* Work required
Transcribe the data exactly, omitting whatever pictures it holds.

Excerpts from a dataset:
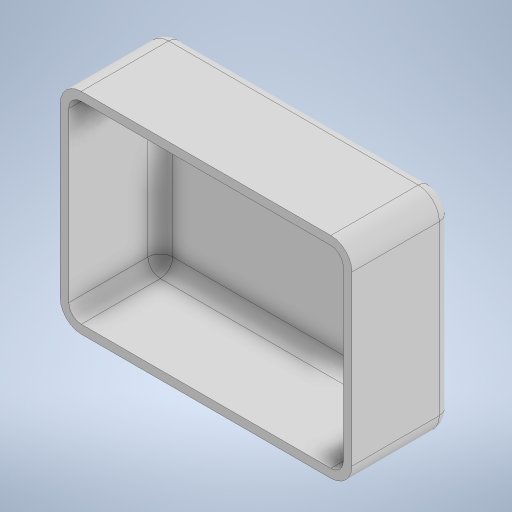
# Autodesk Inventor part: Корпус НАСУ
Saved by Autodesk Inventor 2023.1 (Build 271208000, 208)
## iProperties
Created: 2023-02-12
Part Number: Корпус НАСУ
Material: Типовые
Document SubType Name: Modeling
Designer: User
Density: 1 g/cm^3
Appearance: По умолчанию
Author: User
Autodesk Inventor part; units mm, degrees
ref_plane "YZ Plane" through (0, 0, 0) normal (1, 0, 0) x (0, 1, 0)
ref_plane "XZ Plane" through (0, 0, 0) normal (0, 1, 0) x (-1, 0, 0)
ref_plane "XY Plane" through (0, 0, 0) normal (0, 0, 1) x (1, 0, 0)
sketch "Эскиз1" plane through (0, 0, 0) normal (0, 0, 1) x (1, 0, 0)
  line L0 (-150, 116) -> (150, 116)
  line L1 (165, 101) -> (165, -101)
  line L2 (150, -116) -> (-150, -116)
  line L3 (-165, -101) -> (-165, 101)
  line L4 (-252.8728, 0) -> (252.8728, 0) projected
  line L5 (0, -184.2728) -> (0, 184.2728) projected
  arc A0 (-150, 116) -> (-165, 101) centre (-150, 101) ccw
  arc A1 (165, 101) -> (150, 116) centre (150, 101) ccw
  arc A2 (150, -116) -> (165, -101) centre (150, -101) ccw
  arc A3 (-165, -101) -> (-150, -116) centre (-150, -101) ccw
  line L6 (-175.3693, 101) -> (-175.3693, -101)
  arc A4 (-175.3693, -101) -> (-150, -126.3693) centre (-150, -101) ccw
  line L7 (-150, -126.3693) -> (150, -126.3693)
  arc A5 (150, -126.3693) -> (175.3693, -101) centre (150, -101) ccw
  line L8 (175.3693, -101) -> (175.3693, 101)
  arc A6 (175.3693, 101) -> (150, 126.3693) centre (150, 101) ccw
  line L9 (150, 126.3693) -> (-150, 126.3693)
  arc A7 (-150, 126.3693) -> (-175.3693, 101) centre (-150, 101) ccw
  point P0 (0, 0)
  dimension "d0" = 232
  dimension "d1" = 330
  dimension "d2" = 15
  constraints: 16 end point, 16 point on circle, 8 centre point, 8 tangent, 4 parallel, 3 equal radius, 2 perpendicular, 1 horizontal, 9 other
  measures "d0" distance between parallel lines of L2 L0
  measures "d1" distance between parallel lines of L3 L1
  measures "d2" radius of A0
extrude "Выдавливание1" add sketch "Эскиз1" along normal blind 110 contours A0 L3 L4 L6 A7 L9 L5 L0 | L5 L9 A6 L8 L4 L1 A1 L0 | L3 A3 L2 L5 L7 A4 L6 L4 | L4 L8 A5 L7 L5 L2 A2 L1
sketch "Эскиз2" plane through (0, 0, 0) normal (0, 0, -1) x (-1, 0, 0)
  line L0 (150, -126.3693) -> (-150, -126.3693) projected
  arc A0 (150, -126.3693) -> (175.3693, -101) centre (150, -101) ccw projected
  line L1 (175.3693, 101) -> (175.3693, -101) projected
  arc A1 (175.3693, 101) -> (150, 126.3693) centre (150, 101) ccw projected
  line L2 (-150, 126.3693) -> (150, 126.3693) projected
  arc A2 (-150, 126.3693) -> (-175.3693, 101) centre (-150, 101) ccw projected
  line L3 (-175.3693, -101) -> (-175.3693, 101) projected
  arc A3 (-175.3693, -101) -> (-150, -126.3693) centre (-150, -101) ccw projected
  point P0 (0, 0)
extrude "Выдавливание2" add sketch "Эскиз2" along normal blind 10
fillet "Сопряжение1" radius 15 8 edges at (-167.9388, -118.9388, -10) (-175.3693, 0, -10) (-167.9388, 118.9388, -10) (0, 126.3693, -10) (167.9388, 118.9388, -10) (175.3693, 0, -10) (167.9388, -118.9388, -10) (0, -126.3693, -10)
fillet "Сопряжение2" radius 15 8 edges at (160.6066, 111.6066, 0) (165, 0, 0) (160.6066, -111.6066, 0) (0, -116, 0) (-160.6066, -111.6066, 0) (-165, 0, 0) (-160.6066, 111.6066, 0) (0, 116, 0)

* Final answer
# Autodesk Inventor part: Корпус НАСУ
Saved by Autodesk Inventor 2023.1 (Build 271208000, 208)
## iProperties
Created: 2023-02-12
Part Number: Корпус НАСУ
Material: Типовые
Document SubType Name: Modeling
Designer: User
Density: 1 g/cm^3
Appearance: По умолчанию
Author: User
Autodesk Inventor part; units mm, degrees
ref_plane "YZ Plane" through (0, 0, 0) normal (1, 0, 0) x (0, 1, 0)
ref_plane "XZ Plane" through (0, 0, 0) normal (0, 1, 0) x (-1, 0, 0)
ref_plane "XY Plane" through (0, 0, 0) normal (0, 0, 1) x (1, 0, 0)
sketch "Эскиз1" plane through (0, 0, 0) normal (0, 0, 1) x (1, 0, 0)
  line L0 (-150, 116) -> (150, 116)
  line L1 (165, 101) -> (165, -101)
  line L2 (150, -116) -> (-150, -116)
  line L3 (-165, -101) -> (-165, 101)
  line L4 (-252.8728, 0) -> (252.8728, 0) projected
  line L5 (0, -184.2728) -> (0, 184.2728) projected
  arc A0 (-150, 116) -> (-165, 101) centre (-150, 101) ccw
  arc A1 (165, 101) -> (150, 116) centre (150, 101) ccw
  arc A2 (150, -116) -> (165, -101) centre (150, -101) ccw
  arc A3 (-165, -101) -> (-150, -116) centre (-150, -101) ccw
  line L6 (-175.3693, 101) -> (-175.3693, -101)
  arc A4 (-175.3693, -101) -> (-150, -126.3693) centre (-150, -101) ccw
  line L7 (-150, -126.3693) -> (150, -126.3693)
  arc A5 (150, -126.3693) -> (175.3693, -101) centre (150, -101) ccw
  line L8 (175.3693, -101) -> (175.3693, 101)
  arc A6 (175.3693, 101) -> (150, 126.3693) centre (150, 101) ccw
  line L9 (150, 126.3693) -> (-150, 126.3693)
  arc A7 (-150, 126.3693) -> (-175.3693, 101) centre (-150, 101) ccw
  point P0 (0, 0)
  dimension "d0" = 232
  dimension "d1" = 330
  dimension "d2" = 15
  constraints: 16 end point, 16 point on circle, 8 centre point, 8 tangent, 4 parallel, 3 equal radius, 2 perpendicular, 1 horizontal, 9 other
  measures "d0" distance between parallel lines of L2 L0
  measures "d1" distance between parallel lines of L3 L1
  measures "d2" radius of A0
extrude "Выдавливание1" add sketch "Эскиз1" along normal blind 110 contours A0 L3 L4 L6 A7 L9 L5 L0 | L5 L9 A6 L8 L4 L1 A1 L0 | L3 A3 L2 L5 L7 A4 L6 L4 | L4 L8 A5 L7 L5 L2 A2 L1
sketch "Эскиз2" plane through (0, 0, 0) normal (0, 0, -1) x (-1, 0, 0)
  line L0 (150, -126.3693) -> (-150, -126.3693) projected
  arc A0 (150, -126.3693) -> (175.3693, -101) centre (150, -101) ccw projected
  line L1 (175.3693, 101) -> (175.3693, -101) projected
  arc A1 (175.3693, 101) -> (150, 126.3693) centre (150, 101) ccw projected
  line L2 (-150, 126.3693) -> (150, 126.3693) projected
  arc A2 (-150, 126.3693) -> (-175.3693, 101) centre (-150, 101) ccw projected
  line L3 (-175.3693, -101) -> (-175.3693, 101) projected
  arc A3 (-175.3693, -101) -> (-150, -126.3693) centre (-150, -101) ccw projected
  point P0 (0, 0)
extrude "Выдавливание2" add sketch "Эскиз2" along normal blind 10
fillet "Сопряжение1" radius 15 8 edges at (-167.9388, -118.9388, -10) (-175.3693, 0, -10) (-167.9388, 118.9388, -10) (0, 126.3693, -10) (167.9388, 118.9388, -10) (175.3693, 0, -10) (167.9388, -118.9388, -10) (0, -126.3693, -10)
fillet "Сопряжение2" radius 15 8 edges at (160.6066, 111.6066, 0) (165, 0, 0) (160.6066, -111.6066, 0) (0, -116, 0) (-160.6066, -111.6066, 0) (-165, 0, 0) (-160.6066, 111.6066, 0) (0, 116, 0)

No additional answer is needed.